Но вправду ли маркиз настолько черен, как воображает ненавидящий его сын? В конце концов Годивелла не раз говорила, что у Этьена с головой не все в порядке. Распаленная фантазия и некоторые внешние совпадения могли смутить его дух. Легкий скрип двери заставил ее поднять голову. Она ждала Клеманс, но вошла Годивелла, в высоком островерхом кружевном чепце, придававшем ей вид средневековой матроны. Она несла на блюде чашку.
– Неужели вам так разонравилась моя стряпня, что от нее стало дурно? – с подозрением поглядывая на девушку, произнесла она. – Вы только посмотрите на эту красавицу! Видано ли: невеста бежит в свою комнату посреди трапезы?
– Ваше искусство здесь ни при чем, Годивелла. Мне стало нехорошо от другого. Этот брак… Я не могу… Мне нельзя выходить замуж за Этьена!
– Я смотрела из-за дверей в залу и видела, что он вам что-то говорит… А вам это было совсем не по нраву…
– Он мне поставил в упрек, что я стала причиной смерти аббата Кейроля. Он мне сказал…
Она запнулась, не решаясь произнести страшные слова, но они все же вырвались из ее груди. Их было так тяжело держать в себе! Когда она умолкла, ее ужаснуло сгустившееся молчание и вдруг осунувшееся лицо Годивеллы. Наконец она с усилием произнесла:
– Не могу сказать, истина или ложь то, что вы только что сказали, так как… ничего об этом не знаю. Но если вы можете принять совет старухи, которая много чего на свете повидала, старухи, которая знала вашу мать и любила ее, то…
– То?
– Вместо того, чтобы всеми средствами оттягивать ваше замужество, надо бы с ним поторопиться. Спешите выйти замуж, пусть хоть за Этьена! Да к тому же он будет самым удобным из мужей. А потом – уезжайте отсюда! Возвращайтесь домой! Как только вы выйдете замуж, никто и ничто, ни король, ни сам черт не смогут помешать вам уехать с мужем и отправиться…

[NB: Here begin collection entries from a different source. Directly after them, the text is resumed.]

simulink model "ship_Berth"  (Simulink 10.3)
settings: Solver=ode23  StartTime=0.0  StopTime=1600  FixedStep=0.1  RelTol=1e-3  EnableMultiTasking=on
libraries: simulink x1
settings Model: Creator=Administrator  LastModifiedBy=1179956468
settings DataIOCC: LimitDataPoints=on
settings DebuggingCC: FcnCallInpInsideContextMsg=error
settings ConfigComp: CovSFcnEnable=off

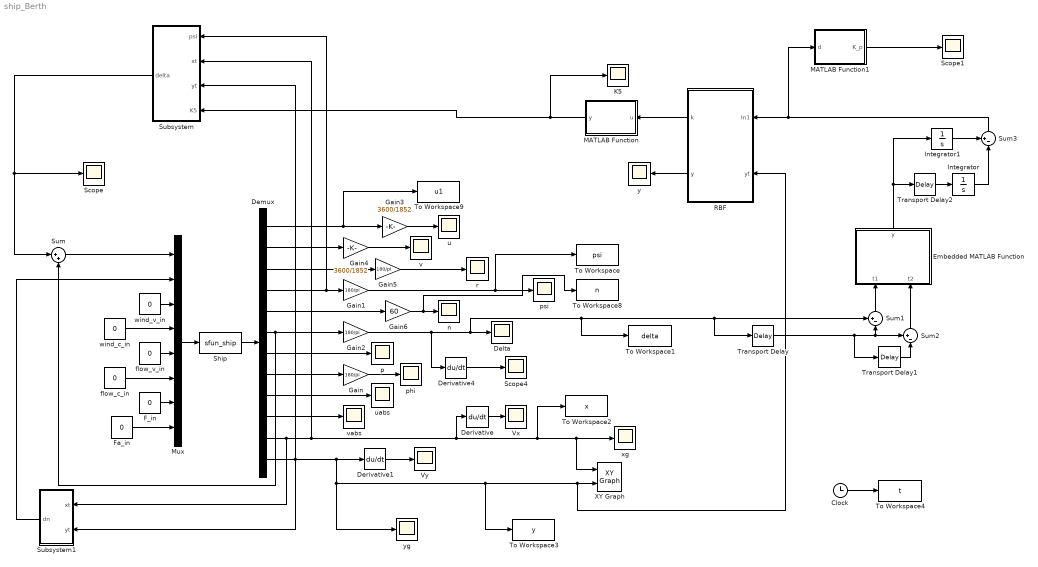
== system ship_Berth ==
  Clock : Clock
  Delta : Scope
  Demux : Demux  Outputs=12
  Derivative : Derivative
  Derivative1 : Derivative
  Derivative4 : Derivative
  Embedded MATLAB Function : MATLAB Function  TreatAsAtomicUnit=on
  F_in : Constant  Value=0
  Fa_in : Constant  Value=0
  Gain{,1..2,5} (4 alike) : Gain  Gain=180/pi
  Gain3 : Gain  Gain=3600/1852
  Gain4 : Gain  Gain=3600/1852
  Gain6 : Gain  Gain=60
  Integrator : Integrator
  Integrator1 : Integrator
  K5 : Scope
  MATLAB Function : MATLAB Function  TreatAsAtomicUnit=on
  MATLAB Function1 : MATLAB Function  TreatAsAtomicUnit=on
  Mux : Mux  Inputs=8
  RBF : Subsystem
  Scope : Scope
  Scope1 : Scope
  Scope4 : Scope
  Ship : S-Function  FunctionName=sfun_ship  SFunctionDeploymentMode=off  EnableBusSupport=off
  Subsystem : Subsystem
  Subsystem1 : Subsystem
  Sum : Sum  Inputs=|++
  Sum1 : Sum  Inputs=+-|
  Sum2 : Sum  Inputs=+-|
  Sum3 : Sum  Inputs=+-|
  To Workspace : ToWorkspace  VariableName=psi  SampleTime=-1
  To Workspace1 : ToWorkspace  VariableName=delta  SampleTime=-1
  To Workspace2 : ToWorkspace  VariableName=x  SampleTime=-1
  To Workspace3 : ToWorkspace  VariableName=y  SampleTime=-1
  To Workspace4 : ToWorkspace  VariableName=t  SampleTime=-1
  To Workspace8 : ToWorkspace  VariableName=n  SampleTime=-1
  To Workspace9 : ToWorkspace  VariableName=u1  SampleTime=-1
  Transport Delay : TransportDelay
  Transport Delay1 : TransportDelay
  Transport Delay2 : TransportDelay  DelayTime=50
  "Vx " : Scope
  Vy : Scope
  XY Graph : simulink/Sinks/XY Graph  xmin=-3000  xmax=3000  ymin=-3000  ymax=3000  st=-1
  flow_c_in : Constant  Value=0
  flow_v_in : Constant  Value=0
  n : Scope
  p : Scope
  phi : Scope
  psi : Scope
  r : Scope
  u : Scope
  uabs : Scope
  v : Scope
  vabs : Scope
  wind_c_in : Constant  Value=0
  wind_v_in : Constant  Value=0
  xg : Scope
  y : Scope
  yg : Scope
  wires:
  Ship/1 -> Demux/1
  Demux/1 -> Gain3/1, To Workspace9/1
  Demux/2 -> Gain4/1
  Demux/3 -> Gain5/1
  Demux/5 -> Gain6/1
  Demux/6 -> Gain2/1, Sum/2
  Demux/7 -> p/1
  Demux/8 -> Gain/1
  Gain1/1 -> psi/1, To Workspace/1
  Gain/1 -> phi/1
  Gain3/1 -> u/1
  Gain4/1 -> v/1
  Gain5/1 -> r/1
  Gain6/1 -> To Workspace8/1, n/1
  Demux/9 -> uabs/1
  Demux/10 -> vabs/1
  Demux/12 -> Derivative1/1, yg/1, To Workspace3/1, RBF/2(yt), XY Graph/2, Subsystem1/2(yt), Subsystem/3(yt)
  Demux/11 -> Subsystem/2(xt), Derivative/1, To Workspace2/1, XY Graph/1, xg/1, Subsystem1/1(xt)
  Derivative/1 -> "Vx "/1
  Derivative1/1 -> Vy/1
  wind_v_in/1 -> Mux/3
  wind_c_in/1 -> Mux/4
  flow_v_in/1 -> Mux/5
  F_in/1 -> Mux/7
  Fa_in/1 -> Mux/8
  Mux/1 -> Ship/1
  Derivative4/1 -> Scope4/1
  Demux/4 -> Gain1/1, Subsystem/1(psi)
  Subsystem1/1(dn) -> Mux/2
  Subsystem/1(delta) -> Sum/1, Scope/1
  Sum/1 -> Mux/1
  flow_c_in/1 -> Mux/6
  Clock/1 -> To Workspace4/1
  Gain2/1 -> Derivative4/1, Delta/1, Transport Delay/1, Sum1/1, To Workspace1/1
  Transport Delay/1 -> Sum1/2, Sum2/1, Transport Delay1/1
  Sum1/1 -> Embedded MATLAB Function/1(t1)
  Transport Delay1/1 -> Sum2/2
  Sum2/1 -> Embedded MATLAB Function/2(t2)
  Embedded MATLAB Function/1(y) -> Transport Delay2/1, Integrator1/1
  Transport Delay2/1 -> Integrator/1
  Integrator1/1 -> Sum3/1
  Integrator/1 -> Sum3/2
  Sum3/1 -> MATLAB Function1/1(d), RBF/1(In1)
  RBF/2(y) -> y/1
  RBF/1(k) -> MATLAB Function/1(u)
  MATLAB Function/1(y) -> K5/1, Subsystem/4(K5)
  MATLAB Function1/1(K_p) -> Scope1/1

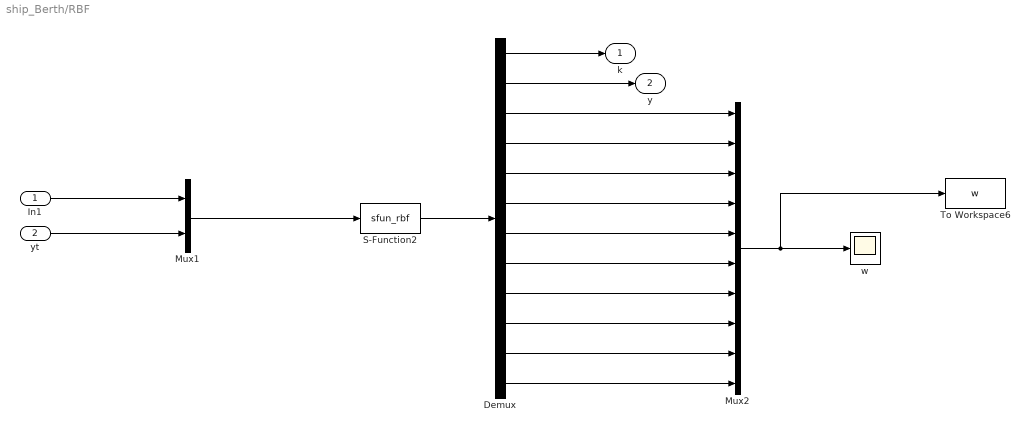
== system ship_Berth/RBF ==
  In1 : Inport
  yt : Inport  Port=2
  Demux : Demux  Outputs=12
  Mux1 : Mux  Inputs=2
  Mux2 : Mux  Inputs=10
  S-Function2 : S-Function  FunctionName=sfun_rbf  SFunctionDeploymentMode=off  EnableBusSupport=off
  To Workspace6 : ToWorkspace  VariableName=w  SampleTime=-1
  w : Scope
  k : Outport
  y : Outport  Port=2
  wires:
  In1/1 -> Mux1/1
  yt/1 -> Mux1/2
  Demux/1 -> k/1
  Demux/2 -> y/1
  Mux1/1 -> S-Function2/1
  Demux/3 -> Mux2/1
  Demux/4 -> Mux2/2
  Demux/5 -> Mux2/3
  Demux/6 -> Mux2/4
  Demux/7 -> Mux2/5
  Demux/8 -> Mux2/6
  Demux/9 -> Mux2/7
  Demux/10 -> Mux2/8
  Demux/11 -> Mux2/9
  Demux/12 -> Mux2/10
  Mux2/1 -> To Workspace6/1, w/1
  S-Function2/1 -> Demux/1

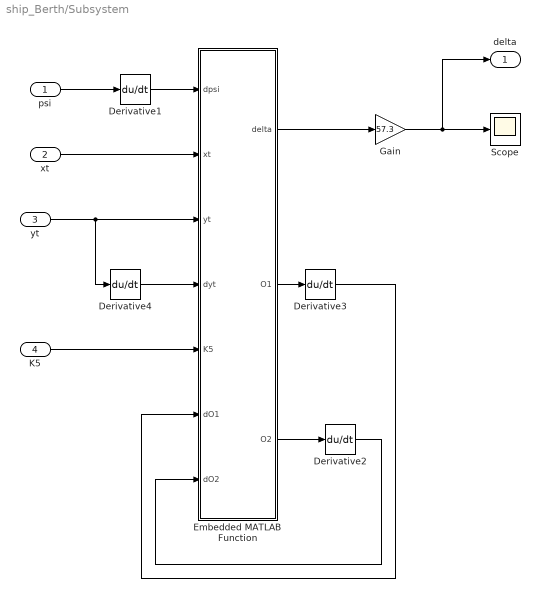
== system ship_Berth/Subsystem ==
  psi : Inport
  xt : Inport  Port=2
  yt : Inport  Port=3
  K5 : Inport  Port=4
  Derivative{1..4} (4 alike) : Derivative
  Embedded MATLAB Function : MATLAB Function  TreatAsAtomicUnit=on
  Gain : Gain  Gain=57.3
  Scope : Scope
  delta : Outport
  wires:
  Derivative2/1 -> Embedded MATLAB Function/7(dO2)
  psi/1 -> Derivative1/1
  xt/1 -> Embedded MATLAB Function/2(xt)
  yt/1 -> Derivative4/1, Embedded MATLAB Function/3(yt)
  Embedded MATLAB Function/1(delta) -> Gain/1
  Gain/1 -> delta/1, Scope/1
  Derivative4/1 -> Embedded MATLAB Function/4(dyt)
  Derivative1/1 -> Embedded MATLAB Function/1(dpsi)
  Embedded MATLAB Function/3(O2) -> Derivative2/1
  Embedded MATLAB Function/2(O1) -> Derivative3/1
  Derivative3/1 -> Embedded MATLAB Function/6(dO1)
  K5/1 -> Embedded MATLAB Function/5(K5)

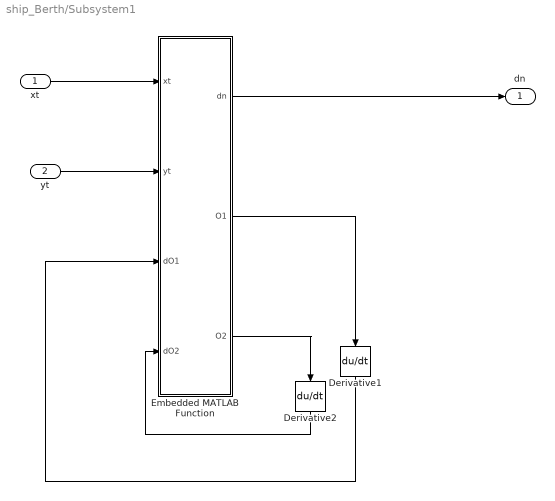
== system ship_Berth/Subsystem1 ==
  xt : Inport
  yt : Inport  Port=2
  Derivative1 : Derivative
  Derivative2 : Derivative
  Embedded MATLAB Function : MATLAB Function  TreatAsAtomicUnit=on
  dn : Outport
  wires:
  Embedded MATLAB Function/1(dn) -> dn/1
  xt/1 -> Embedded MATLAB Function/1(xt)
  Embedded MATLAB Function/2(O1) -> Derivative1/1
  Derivative1/1 -> Embedded MATLAB Function/3(dO1)
  yt/1 -> Embedded MATLAB Function/2(yt)
  Embedded MATLAB Function/3(O2) -> Derivative2/1
  Derivative2/1 -> Embedded MATLAB Function/4(dO2)

== matlab function Subsystem1/Embedded MATLAB Function ==
  data: dn output double; xt input double; yt input double; dO1 input double; O1 output double; O2 output double; dO2 input double
function [dn,O1,O2]=fcn(xt,yt,dO1,dO2)
K1=10;K2=1;K3=0.01;K4=50;K5=0.0018;K6=0;Tm=4;
%K11=3500;K12=3;K13=0.01;K14=0.0000005;K15=0.00006;K16=0;Tm=4;

O1=xt-yt;
O2=K1*tanh(K2*O1)+dO1;
O3=K3*tanh(K4*O2)+dO2;
dn=-K5*O3-K6*tanh(O3);
%function q=sgn(a)
 % if (a>0)
  %    q=1;
  %else
   %   q=-1;
  %end
%nr=n+Tm*dn;

== matlab function Subsystem/Embedded MATLAB Function ==
  data: delta output double; O1 output double; dpsi input double; xt input double; yt input double; dyt input double; K5 input double; dO1 input double; O2 output double; dO2 input double
function [delta,O1,O2] = fcn(dpsi,xt,yt,dyt,K5,dO1,dO2)

%K0=0.2;K1=0.005;K2=0.0004;K3=0.0000005;K4=3.4;K5=130;Te=2.5;
K1=2;K2=0.01;K3=3;K4=0.1;K6=0;Te=2.5;
% K5=2;

O1=K1*f(K2*yt)+dyt;
O2=dpsi+K3*f(O1);
O3=K4*f(O2)+dO2;
%delta=-K5*O3-K6*f(O3);%用舵机模型总是出错
delta=-Te*K5*O3;
 function mean=f(a)
  mean=tanh(a);
%  function mean=f(a)
%  if(a<0.1&&a>-0.1)
%      mean=a;
%  else
%      mean=coth(a)-1/a;
%  end

== matlab function Embedded MATLAB Function ==
  data: t1 input double; y output double; t2 input double
function y = fcn(t1,t2)
%#eml
if(t1*t2>0)
  p=0;
else
    p=1;
end
y = p*t1;

== matlab function MATLAB Function ==
  data: u input double; y output double
function y = fcn(u)
%#codegen
% if(u>5||u<1)
% y = u;
% else
%     y=2;
% end
y=2;

== matlab function MATLAB Function1 ==
  data: d input double; K_p output double

function K_p  = fcn(d)
%#codegen
w = 0.01*(d-0.5)/0.5;%0.6;      % 惯性因子 
c1 = 2;       % 加速常数
c2 = 2;       % 加速常数

Dim = 1;            % 维数
SwarmSize = 100;    % 粒子群规模
%ObjFun = @PSO_PID;  % 待优化函数句柄

MaxIter = 100;      % 最大迭代次数  
MinFit = 0.1;       % 最小适应值 

Vmax = 1;
Vmin = -1;
Ub = 30;
Lb = 0;

% 粒子群初始化
    Range = ones(SwarmSize,1)*(Ub-Lb);
    Swarm = rand(SwarmSize,Dim).*Range + ones(SwarmSize,1)*Lb ;     % 初始化粒子群      
    VStep = rand(SwarmSize,Dim)*(Vmax-Vmin) + Vmin     ;            % 初始化速度        
    fSwarm = zeros(SwarmSize,1);
for i=1:SwarmSize
    fSwarm(i,:) = sum(Swarm(i,:) ^ 2 - 10 * cos( 2 * pi * Swarm(i,:)) + 10 );%feval(ObjFun,Swarm(i,:));                         % 粒子群的适应值%%%%%%%%%%%%%%%%%%%%%%%%%%%%%%%%%%%%%%%%%%%%%%%%%%%%%%%%%
end

%% 个体极值和群体极值
[bestf, bestindex]=min(fSwarm);
zbest=Swarm(bestindex,:);   % 全局最佳
gbest=Swarm;                % 个体最佳
fgbest=fSwarm;              % 个体最佳适应值
fzbest=bestf;               % 全局最佳适应值

%% 迭代寻优
iter = 0;
y_fitness = zeros(1,MaxIter);   % 预先产生4个空矩阵
K_p = zeros(1,MaxIter);         

while( (iter < MaxIter) && (fzbest > MinFit) )
    for j=1:SwarmSize
        % 速度更新
        VStep(j,:) = w*VStep(j,:) + c1*rand*(gbest(j,:) - Swarm(j,:)) + c2*rand*(zbest - Swarm(j,:));
        if VStep(j,:)>Vmax, VStep(j,:)=Vmax; end
        if VStep(j,:)<Vmin, VStep(j,:)=Vmin; end
        % 位置更新
        Swarm(j,:)=Swarm(j,:)+VStep(j,:);
        for k=1:Dim
            if Swarm(j,k)>Ub(k), Swarm(j,k)=Ub(k); end
            if Swarm(j,k)<Lb(k), Swarm(j,k)=Lb(k); end
        end
        % 适应值
        fSwarm(j,:) =sum(Swarm(i,:) ^ 2 - 10 * cos( 2 * pi * Swarm(i,:)) + 10 ); %feval(ObjFun,Swarm(j,:));
        % 个体最优更新     
        if fSwarm(j) < fgbest(j)
            gbest(j,:) = Swarm(j,:);
            fgbest(j) = fSwarm(j);
        end
        % 群体最优更新
        if fSwarm(j) < fzbest
            zbest = Swarm(j,:);
            fzbest = fSwarm(j);
        end
    end 
    iter = iter+1;                      % 迭代次数更新
    y_fitness(1,iter) = fzbest;         % 为绘图做准备
    K_p(1,iter) =  fzbest;%*[0 0 0 0 0 0 0 0 0 0 0 0 0 0 0 0 0 0 0 0 0 0 0 0 0 0 0 0 0 0 0 0 0 0 0 0 0 0 0 0 0 0 0 0 0 0 0 0 0 0 0 0 0 0 0 0 0 0 0 0 0 0 0 0 0 0 0 0 0 0 0 0 0 0 0 0 0 0 0 0 0 0 0 0 0 0 0 0 0 0 0 0 0 0 0 0 0 0 0 1]'; %zbest(1);

end

– …куда глаза глядят? Я уже слышала это. Жан тоже хочет, чтобы я уехала…
– Жан?
– Вы прекрасно знаете, о ком я говорю, Годивелла! Жан, у которого нет имени… и при всем том – единственный из Лозаргов, за кого я бы хотела выйти замуж. А он тоже только и думает, как бы удалить меня отсюда.
– Потому что любит вас, не так ли? Но и я очень люблю вас, мадемуазель Гортензия. Так вот, послушайте меня: если вы захотите остаться здесь, не покорившись душой и телом господину Фульку, вы никогда не будете счастливы… И, может, даже с вами приключится какое-нибудь несчастье. А теперь выпейте это, вам станет спокойнее и с людьми, и с самой собой.
– Благодаря какому-то отвару? – с легким пренебрежением спросила Гортензия.
– Не надо говорить плохо о настоях и отварах. В них есть таинственная сила. А этот – на валериановом корне, он может успокоить даже буйного помешанного. Ну же! Пейте!
Час спустя Гортензия, словно бы летящая в легком, прозрачном облаке, предохраняющем от злобы мира, вновь заняла свое место в салоне. Присутствующие пили кофе, и ее возвращение было весьма горячо встречено гостями, по всей видимости, оказавшими немалую честь яствам и напиткам. Лишь Этьен ограничился тем, что спросил у невесты, хорошо ли она себя чувствует, и вновь погрузился в свои мысли, по-видимому, до крайности мрачные. Раздраженная Гортензия перестала обращать на него внимание.